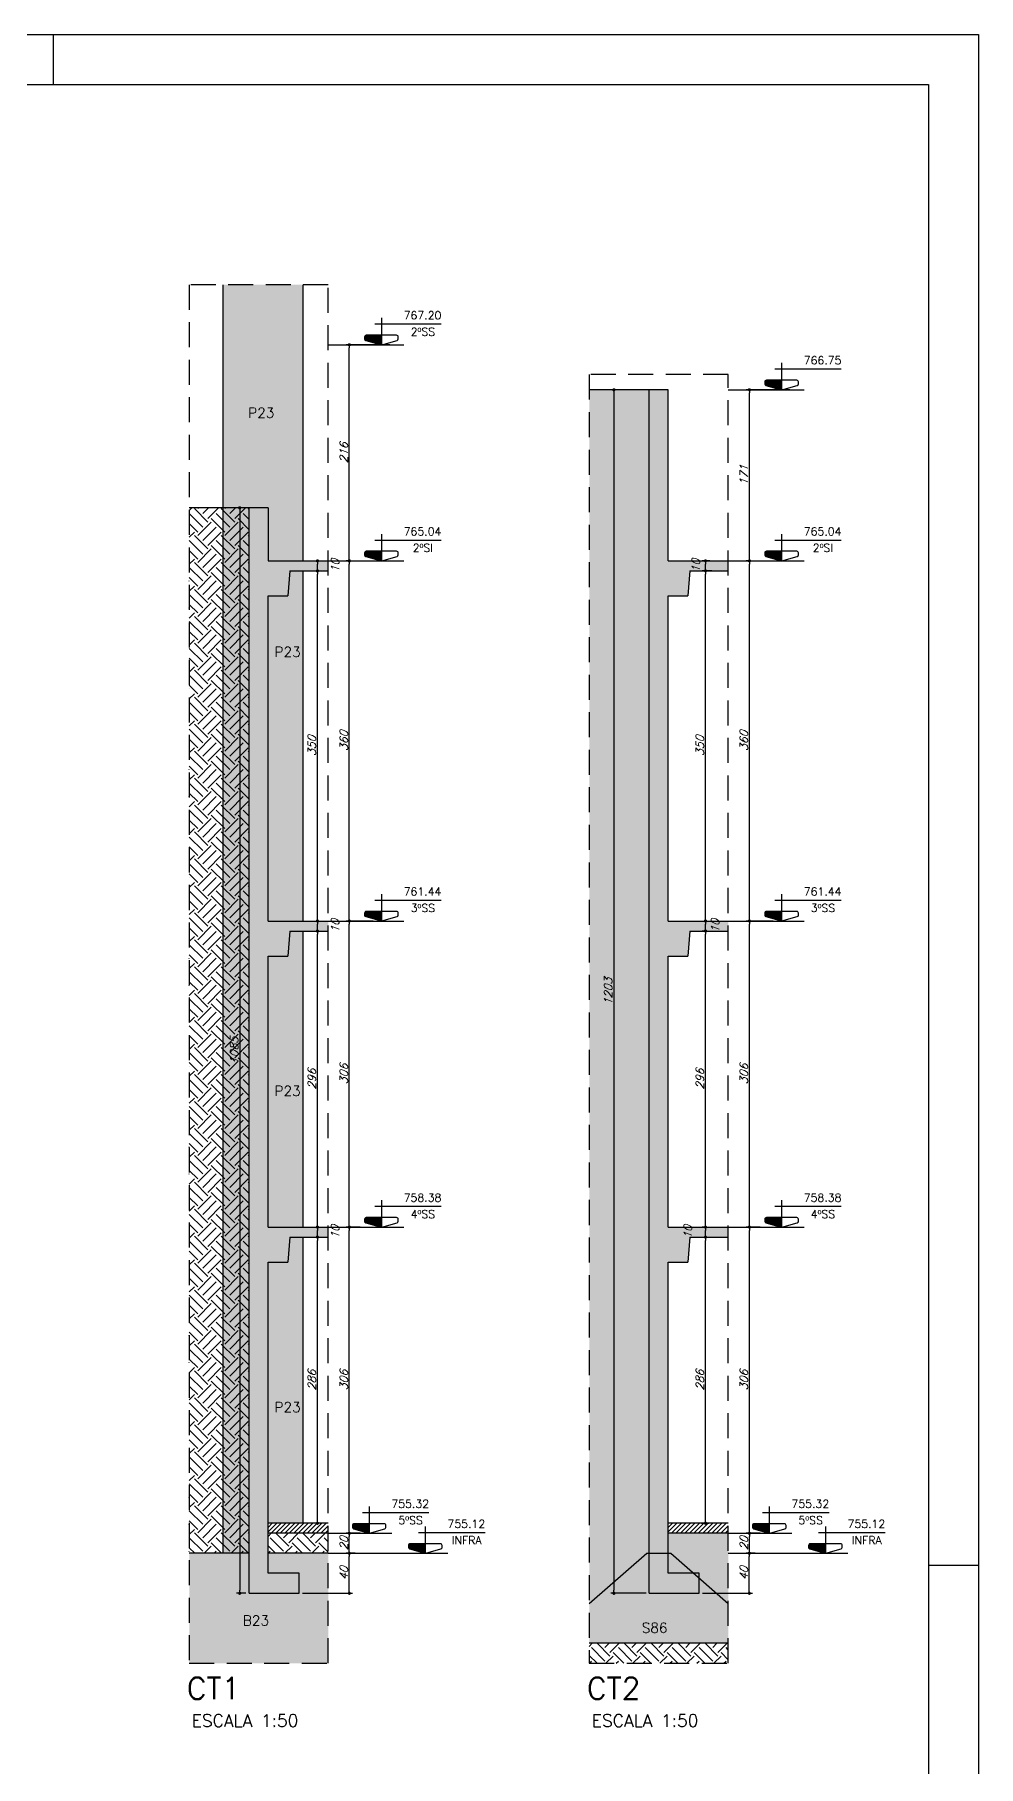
# Model space of a CAD drawing. Header units: millimetres. Extents: x 0 to 8720, y 0 to 4500.
# Drawn here: x 7776 to 8720, y 2769 to 4500 of the extents above; entities that cross this region are included whole.
import ezdxf
from ezdxf.enums import TextEntityAlignment as Align

# ---------------------------------------------------------------- set-up
doc = ezdxf.new("R2010")
doc.units = ezdxf.units.MM
doc.header["$LTSCALE"] = 50
doc.linetypes.add('DASHED', pattern=[0.75, 0.5, -0.25])
for name, color, linetype in [('AR-TEXTO_REGUA 120_1-200', 4, 'Continuous'), ('F-AUX-RED', 1, 'Continuous'), ('F-CORTE', 4, 'Continuous'), ('F-COTAS', 106, 'Continuous'), ('F-EIXOS-DET', 1, 'Continuous'), ('F-MARGEM', 1, 'Continuous'), ('F-NÍVEL-VISTA', 2, 'Continuous'), ('F-SOLIDO-CORTE', 71, 'Continuous'), ('F-TEXTO', 6, 'Continuous'), ('F-TEXTO-YELLOW', 2, 'Continuous'), ('F-VISTA', 2, 'Continuous'), ('F-VISTA SÓLIDO', 254, 'Continuous')]:
    doc.layers.add(name, color=color, linetype=linetype)
doc.styles.add('CP-TEXT-INCL', font='simplex.shx', dxfattribs={"oblique": 20})
doc.styles.add('MCP', font='simplex.shx')
doc.styles.add('REGUA-120-esc1_200', font='simplex.shx', dxfattribs={"height": 0.6})
doc.styles.add('ROMANS', font='simplex.shx')
doc.dimstyles.new('CP-COTAS-50', dxfattribs={"dimscale": 0.64, "dimtxt": 12.5, "dimasz": 5, "dimexe": 5, "dimexo": 5, "dimgap": 2.5, "dimtad": 1, "dimdec": 1, "dimdsep": 46, "dimtxsty": 'CP-TEXT-INCL', "dimblk1": 'DOT', "dimblk2": 'DOT', "dimsah": 1, "dimcen": 9, "dimclrd": 256, "dimclre": 256, "dimclrt": 256, "dimadec": 0, "dimazin": 0, "dimtfac": 1, "dimtdec": 1, "dimtmove": 2, "dimatfit": 3, "dimldrblk": 'DOT', "dimfxl": 5, "dimtolj": 1, "dimarcsym": 0})

# ---------------------------------------------------------------- blocks, each defined once
blk = doc.blocks.new('A0-3L_900')
at = {"layer": 'F-MARGEM', "color": 2}
for p, q in [((155.9, 90), (155.9, 89)), ((173.4, 59.4), (174.4, 59.4))]:
    blk.add_line(p, q, dxfattribs=at)
blk.add_lwpolyline([(0, 0), (0, 90), (174.4, 90), (174.4, 0)], close=True, dxfattribs=at)
at = {"layer": 'F-MARGEM', "color": 7}
blk.add_lwpolyline([(2.5, 89), (173.4, 89), (173.4, 1), (2.5, 1)], close=True, dxfattribs=at)
blk = doc.blocks.new('Nível - Vista')
at = {"layer": 'F-NÍVEL-VISTA'}
blk.add_hatch(color=71, dxfattribs=at).paths.add_polyline_path([(0, 0.238), (-0.38, 0.238, 0.414214), (-0.42, 0.198), (-0.42, 0.148, 0.331206), (-0.391, 0.11), (-0.011, 0.002, 0.072993), (0, 0)])
at = {"layer": 'F-NÍVEL-VISTA', "color": 2}
for p, q in [((-0.168, 0.521), (1.493, 0.521)), ((0, 0.67), (0, 0))]:
    blk.add_line(p, q, dxfattribs=at)
blk.add_lwpolyline([(-0.011, 0.002, 0.146769), (0.011, 0.002), (0.391, 0.11, 0.331206), (0.42, 0.148), (0.42, 0.198, 0.414214), (0.38, 0.238), (-0.38, 0.238, 0.414214), (-0.42, 0.198), (-0.42, 0.148, 0.331206), (-0.391, 0.11), (-0.011, 0.002, 0.146769), (0.011, 0.002)], format="xyb", dxfattribs=at)
at = {"layer": 'F-TEXTO', "color": 3, "style": 'MCP'}
for tag, p in [('NÍVEL', (1.026, 0.636)), ('NÍVEL_DETALHE', (1.02, 0.186))]:
    blk.add_attdef(tag, text='', height=0.2, dxfattribs=at).set_placement(p, align=Align.CENTER)
blk = doc.blocks.new('_DOT')
at = {"color": 0, "linetype": 'ByBlock'}
blk.add_line((-0.5, 0), (-1, 0), dxfattribs=at)
at = {"color": 0, "linetype": 'ByBlock', "const_width": 0.5}
blk.add_lwpolyline([(-0.25, 0, 1), (0.25, 0, 1)], format="xyb", close=True, dxfattribs=at)
blk = doc.blocks.new('*D199')
at = {"layer": 'F-COTAS', "lineweight": -2, "transparency": 16777216}
for p, q in [((8114.9, 3614), (8087.9, 3614)), ((8091.1, 3311.2), (8091.1, 3610.8)), ((8102, 3308), (8087.9, 3308))]:
    blk.add_line(p, q, dxfattribs=at)
at = {"layer": 'F-COTAS', "lineweight": -2, "transparency": 16777216, "xscale": 3.2, "yscale": 3.2, "zscale": 3.2}
for p, rotation in [((8091.1, 3614), 90), ((8091.1, 3308), 270)]:
    blk.add_blockref('_DOT', p, dxfattribs=dict(at, rotation=rotation))
at = {"layer": 'F-COTAS', "transparency": 16777216, "insert": (8085.5, 3461), "char_height": 8, "attachment_point": 5, "rotation": 90, "style": 'CP-TEXT-INCL'}
blk.add_mtext('\\A1;306', dxfattribs=at)
blk = doc.blocks.new('*D200')
at = {"layer": 'F-COTAS', "lineweight": -2, "transparency": 16777216}
for p, q in [((8089.8, 3974), (8087.9, 3974)), ((8091.1, 3617.2), (8091.1, 3970.8)), ((8114.9, 3614), (8087.9, 3614))]:
    blk.add_line(p, q, dxfattribs=at)
at = {"layer": 'F-COTAS', "lineweight": -2, "transparency": 16777216, "xscale": 3.2, "yscale": 3.2, "zscale": 3.2}
for p, rotation in [((8091.1, 3974), 90), ((8091.1, 3614), 270)]:
    blk.add_blockref('_DOT', p, dxfattribs=dict(at, rotation=rotation))
at = {"layer": 'F-COTAS', "transparency": 16777216, "insert": (8085.5, 3794), "char_height": 8, "attachment_point": 5, "rotation": 90, "style": 'CP-TEXT-INCL'}
blk.add_mtext('\\A1;360', dxfattribs=at)
blk = doc.blocks.new('*D201')
at = {"layer": 'F-COTAS', "lineweight": -2, "transparency": 16777216}
for p, q in [((8131.6, 4190), (8087.9, 4190)), ((8091.1, 3977.2), (8091.1, 4186.8)), ((8089.8, 3974), (8087.9, 3974))]:
    blk.add_line(p, q, dxfattribs=at)
at = {"layer": 'F-COTAS', "lineweight": -2, "transparency": 16777216, "xscale": 3.2, "yscale": 3.2, "zscale": 3.2}
for p, rotation in [((8091.1, 4190), 90), ((8091.1, 3974), 270)]:
    blk.add_blockref('_DOT', p, dxfattribs=dict(at, rotation=rotation))
at = {"layer": 'F-COTAS', "transparency": 16777216, "insert": (8085.5, 4082), "char_height": 8, "attachment_point": 5, "rotation": 90, "style": 'CP-TEXT-INCL'}
blk.add_mtext('\\A1;216', dxfattribs=at)
blk = doc.blocks.new('*D197')
at = {"layer": 'F-COTAS', "lineweight": -2, "transparency": 16777216}
for p, q in [((8102, 3308), (8087.9, 3308)), ((8091.1, 3005.2), (8091.1, 3304.8)), ((8102, 3002), (8087.9, 3002))]:
    blk.add_line(p, q, dxfattribs=at)
at = {"layer": 'F-COTAS', "lineweight": -2, "transparency": 16777216, "xscale": 3.2, "yscale": 3.2, "zscale": 3.2}
for p, rotation in [((8091.1, 3308), 90), ((8091.1, 3002), 270)]:
    blk.add_blockref('_DOT', p, dxfattribs=dict(at, rotation=rotation))
at = {"layer": 'F-COTAS', "transparency": 16777216, "insert": (8085.5, 3155), "char_height": 8, "attachment_point": 5, "rotation": 90, "style": 'CP-TEXT-INCL'}
blk.add_mtext('\\A1;306', dxfattribs=at)
blk = doc.blocks.new('*D198')
at = {"layer": 'F-COTAS', "lineweight": -2, "transparency": 16777216}
for p, q in [((8096.8, 3002), (8087.9, 3002)), ((8091.1, 2985.2), (8091.1, 2998.8)), ((8096.8, 2982), (8087.9, 2982))]:
    blk.add_line(p, q, dxfattribs=at)
at = {"layer": 'F-COTAS', "lineweight": -2, "transparency": 16777216, "xscale": 3.2, "yscale": 3.2, "zscale": 3.2}
for p, rotation in [((8091.1, 3002), 90), ((8091.1, 2982), 270)]:
    blk.add_blockref('_DOT', p, dxfattribs=dict(at, rotation=rotation))
at = {"layer": 'F-COTAS', "transparency": 16777216, "insert": (8085.5, 2992), "char_height": 8, "attachment_point": 5, "rotation": 90, "style": 'CP-TEXT-INCL'}
blk.add_mtext('\\A1;20', dxfattribs=at)
blk = doc.blocks.new('*D202')
at = {"layer": 'F-COTAS', "lineweight": -2, "transparency": 16777216}
for p, q in [((8514.9, 3614), (8487.9, 3614)), ((8491.1, 3311.2), (8491.1, 3610.8)), ((8502, 3308), (8487.9, 3308))]:
    blk.add_line(p, q, dxfattribs=at)
at = {"layer": 'F-COTAS', "lineweight": -2, "transparency": 16777216, "xscale": 3.2, "yscale": 3.2, "zscale": 3.2}
for p, rotation in [((8491.1, 3614), 90), ((8491.1, 3308), 270)]:
    blk.add_blockref('_DOT', p, dxfattribs=dict(at, rotation=rotation))
at = {"layer": 'F-COTAS', "transparency": 16777216, "insert": (8485.5, 3461), "char_height": 8, "attachment_point": 5, "rotation": 90, "style": 'CP-TEXT-INCL'}
blk.add_mtext('\\A1;306', dxfattribs=at)
blk = doc.blocks.new('*D203')
at = {"layer": 'F-COTAS', "lineweight": -2, "transparency": 16777216}
for p, q in [((8489.8, 3974), (8487.9, 3974)), ((8491.1, 3617.2), (8491.1, 3970.8)), ((8514.9, 3614), (8487.9, 3614))]:
    blk.add_line(p, q, dxfattribs=at)
at = {"layer": 'F-COTAS', "lineweight": -2, "transparency": 16777216, "xscale": 3.2, "yscale": 3.2, "zscale": 3.2}
for p, rotation in [((8491.1, 3974), 90), ((8491.1, 3614), 270)]:
    blk.add_blockref('_DOT', p, dxfattribs=dict(at, rotation=rotation))
at = {"layer": 'F-COTAS', "transparency": 16777216, "insert": (8485.5, 3794), "char_height": 8, "attachment_point": 5, "rotation": 90, "style": 'CP-TEXT-INCL'}
blk.add_mtext('\\A1;360', dxfattribs=at)
blk = doc.blocks.new('*D204')
at = {"layer": 'F-COTAS', "lineweight": -2, "transparency": 16777216}
for p, q in [((8531.6, 4145), (8487.9, 4145)), ((8491.1, 3977.2), (8491.1, 4141.8)), ((8489.8, 3974), (8487.9, 3974))]:
    blk.add_line(p, q, dxfattribs=at)
at = {"layer": 'F-COTAS', "lineweight": -2, "transparency": 16777216, "xscale": 3.2, "yscale": 3.2, "zscale": 3.2}
for p, rotation in [((8491.1, 4145), 90), ((8491.1, 3974), 270)]:
    blk.add_blockref('_DOT', p, dxfattribs=dict(at, rotation=rotation))
at = {"layer": 'F-COTAS', "transparency": 16777216, "insert": (8485.5, 4059.5), "char_height": 8, "attachment_point": 5, "rotation": 90, "style": 'CP-TEXT-INCL'}
blk.add_mtext('\\A1;171', dxfattribs=at)
blk = doc.blocks.new('*D205')
at = {"layer": 'F-COTAS', "lineweight": -2, "transparency": 16777216}
for p, q in [((8502, 3308), (8487.9, 3308)), ((8491.1, 3005.2), (8491.1, 3304.8)), ((8502, 3002), (8487.9, 3002))]:
    blk.add_line(p, q, dxfattribs=at)
at = {"layer": 'F-COTAS', "lineweight": -2, "transparency": 16777216, "xscale": 3.2, "yscale": 3.2, "zscale": 3.2}
for p, rotation in [((8491.1, 3308), 90), ((8491.1, 3002), 270)]:
    blk.add_blockref('_DOT', p, dxfattribs=dict(at, rotation=rotation))
at = {"layer": 'F-COTAS', "transparency": 16777216, "insert": (8485.5, 3155), "char_height": 8, "attachment_point": 5, "rotation": 90, "style": 'CP-TEXT-INCL'}
blk.add_mtext('\\A1;306', dxfattribs=at)
blk = doc.blocks.new('*D206')
at = {"layer": 'F-COTAS', "lineweight": -2, "transparency": 16777216}
for p, q in [((8496.8, 3002), (8487.9, 3002)), ((8491.1, 2985.2), (8491.1, 2998.8)), ((8496.8, 2982), (8487.9, 2982))]:
    blk.add_line(p, q, dxfattribs=at)
at = {"layer": 'F-COTAS', "lineweight": -2, "transparency": 16777216, "xscale": 3.2, "yscale": 3.2, "zscale": 3.2}
for p, rotation in [((8491.1, 3002), 90), ((8491.1, 2982), 270)]:
    blk.add_blockref('_DOT', p, dxfattribs=dict(at, rotation=rotation))
at = {"layer": 'F-COTAS', "transparency": 16777216, "insert": (8485.5, 2992), "char_height": 8, "attachment_point": 5, "rotation": 90, "style": 'CP-TEXT-INCL'}
blk.add_mtext('\\A1;20', dxfattribs=at)
blk = doc.blocks.new('*D222')
at = {"layer": 'F-COTAS', "lineweight": -2, "transparency": 16777216}
for p, q in [((8059.2, 3015.2), (8059.2, 3294.8)), ((8061.8, 3298), (8062.4, 3298)), ((8061.8, 3012), (8062.4, 3012))]:
    blk.add_line(p, q, dxfattribs=at)
at = {"layer": 'F-COTAS', "lineweight": -2, "transparency": 16777216, "xscale": 3.2, "yscale": 3.2, "zscale": 3.2}
for p, rotation in [((8059.2, 3298), 90), ((8059.2, 3012), 270)]:
    blk.add_blockref('_DOT', p, dxfattribs=dict(at, rotation=rotation))
at = {"layer": 'F-COTAS', "transparency": 16777216, "insert": (8053.6, 3155), "char_height": 8, "attachment_point": 5, "rotation": 90, "style": 'CP-TEXT-INCL'}
blk.add_mtext('\\A1;286', dxfattribs=at)
blk = doc.blocks.new('*D223')
at = {"layer": 'F-COTAS', "lineweight": -2, "transparency": 16777216}
for p, q in [((8059.2, 3301.2), (8059.2, 3304.8)), ((8061.8, 3298), (8062.4, 3298))]:
    blk.add_line(p, q, dxfattribs=at)
at = {"layer": 'F-COTAS', "lineweight": -2, "transparency": 16777216, "xscale": 3.2, "yscale": 3.2, "zscale": 3.2}
for p, rotation in [((8059.2, 3308), 90), ((8059.2, 3298), 270)]:
    blk.add_blockref('_DOT', p, dxfattribs=dict(at, rotation=rotation))
at = {"layer": 'F-COTAS', "transparency": 16777216, "insert": (8076.8, 3303), "char_height": 8, "attachment_point": 5, "rotation": 90, "style": 'CP-TEXT-INCL'}
blk.add_mtext('\\A1;10', dxfattribs=at)
blk = doc.blocks.new('*D224')
at = {"layer": 'F-COTAS', "lineweight": -2, "transparency": 16777216}
blk.add_line((8059.2, 3311.2), (8059.2, 3600.8), dxfattribs=at)
at = {"layer": 'F-COTAS', "lineweight": -2, "transparency": 16777216, "xscale": 3.2, "yscale": 3.2, "zscale": 3.2}
for p, rotation in [((8059.2, 3604), 90), ((8059.2, 3308), 270)]:
    blk.add_blockref('_DOT', p, dxfattribs=dict(at, rotation=rotation))
at = {"layer": 'F-COTAS', "transparency": 16777216, "insert": (8053.6, 3456), "char_height": 8, "attachment_point": 5, "rotation": 90, "style": 'CP-TEXT-INCL'}
blk.add_mtext('\\A1;296', dxfattribs=at)
blk = doc.blocks.new('*D225')
at = {"layer": 'F-COTAS', "lineweight": -2, "transparency": 16777216}
blk.add_line((8059.2, 3607.2), (8059.2, 3610.8), dxfattribs=at)
at = {"layer": 'F-COTAS', "lineweight": -2, "transparency": 16777216, "xscale": 3.2, "yscale": 3.2, "zscale": 3.2}
for p, rotation in [((8059.2, 3614), 90), ((8059.2, 3604), 270)]:
    blk.add_blockref('_DOT', p, dxfattribs=dict(at, rotation=rotation))
at = {"layer": 'F-COTAS', "transparency": 16777216, "insert": (8076.8, 3609), "char_height": 8, "attachment_point": 5, "rotation": 90, "style": 'CP-TEXT-INCL'}
blk.add_mtext('\\A1;10', dxfattribs=at)
blk = doc.blocks.new('*D226')
at = {"layer": 'F-COTAS', "lineweight": -2, "transparency": 16777216}
for p, q in [((8054, 3964), (8062.4, 3964)), ((8059.2, 3617.2), (8059.2, 3960.8))]:
    blk.add_line(p, q, dxfattribs=at)
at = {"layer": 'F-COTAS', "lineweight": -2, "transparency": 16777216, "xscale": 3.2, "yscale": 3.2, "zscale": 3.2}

━━━

> **WHAT YOU HAVE TO DO**
Above are the records; copy exactly the lines from the one with "blk = doc.blocks.new('*D225')" through the final line.

> **SOLUTION**
blk = doc.blocks.new('*D225')
at = {"layer": 'F-COTAS', "lineweight": -2, "transparency": 16777216}
blk.add_line((8059.2, 3607.2), (8059.2, 3610.8), dxfattribs=at)
at = {"layer": 'F-COTAS', "lineweight": -2, "transparency": 16777216, "xscale": 3.2, "yscale": 3.2, "zscale": 3.2}
for p, rotation in [((8059.2, 3614), 90), ((8059.2, 3604), 270)]:
    blk.add_blockref('_DOT', p, dxfattribs=dict(at, rotation=rotation))
at = {"layer": 'F-COTAS', "transparency": 16777216, "insert": (8076.8, 3609), "char_height": 8, "attachment_point": 5, "rotation": 90, "style": 'CP-TEXT-INCL'}
blk.add_mtext('\\A1;10', dxfattribs=at)
blk = doc.blocks.new('*D226')
at = {"layer": 'F-COTAS', "lineweight": -2, "transparency": 16777216}
for p, q in [((8054, 3964), (8062.4, 3964)), ((8059.2, 3617.2), (8059.2, 3960.8))]:
    blk.add_line(p, q, dxfattribs=at)
at = {"layer": 'F-COTAS', "lineweight": -2, "transparency": 16777216, "xscale": 3.2, "yscale": 3.2, "zscale": 3.2}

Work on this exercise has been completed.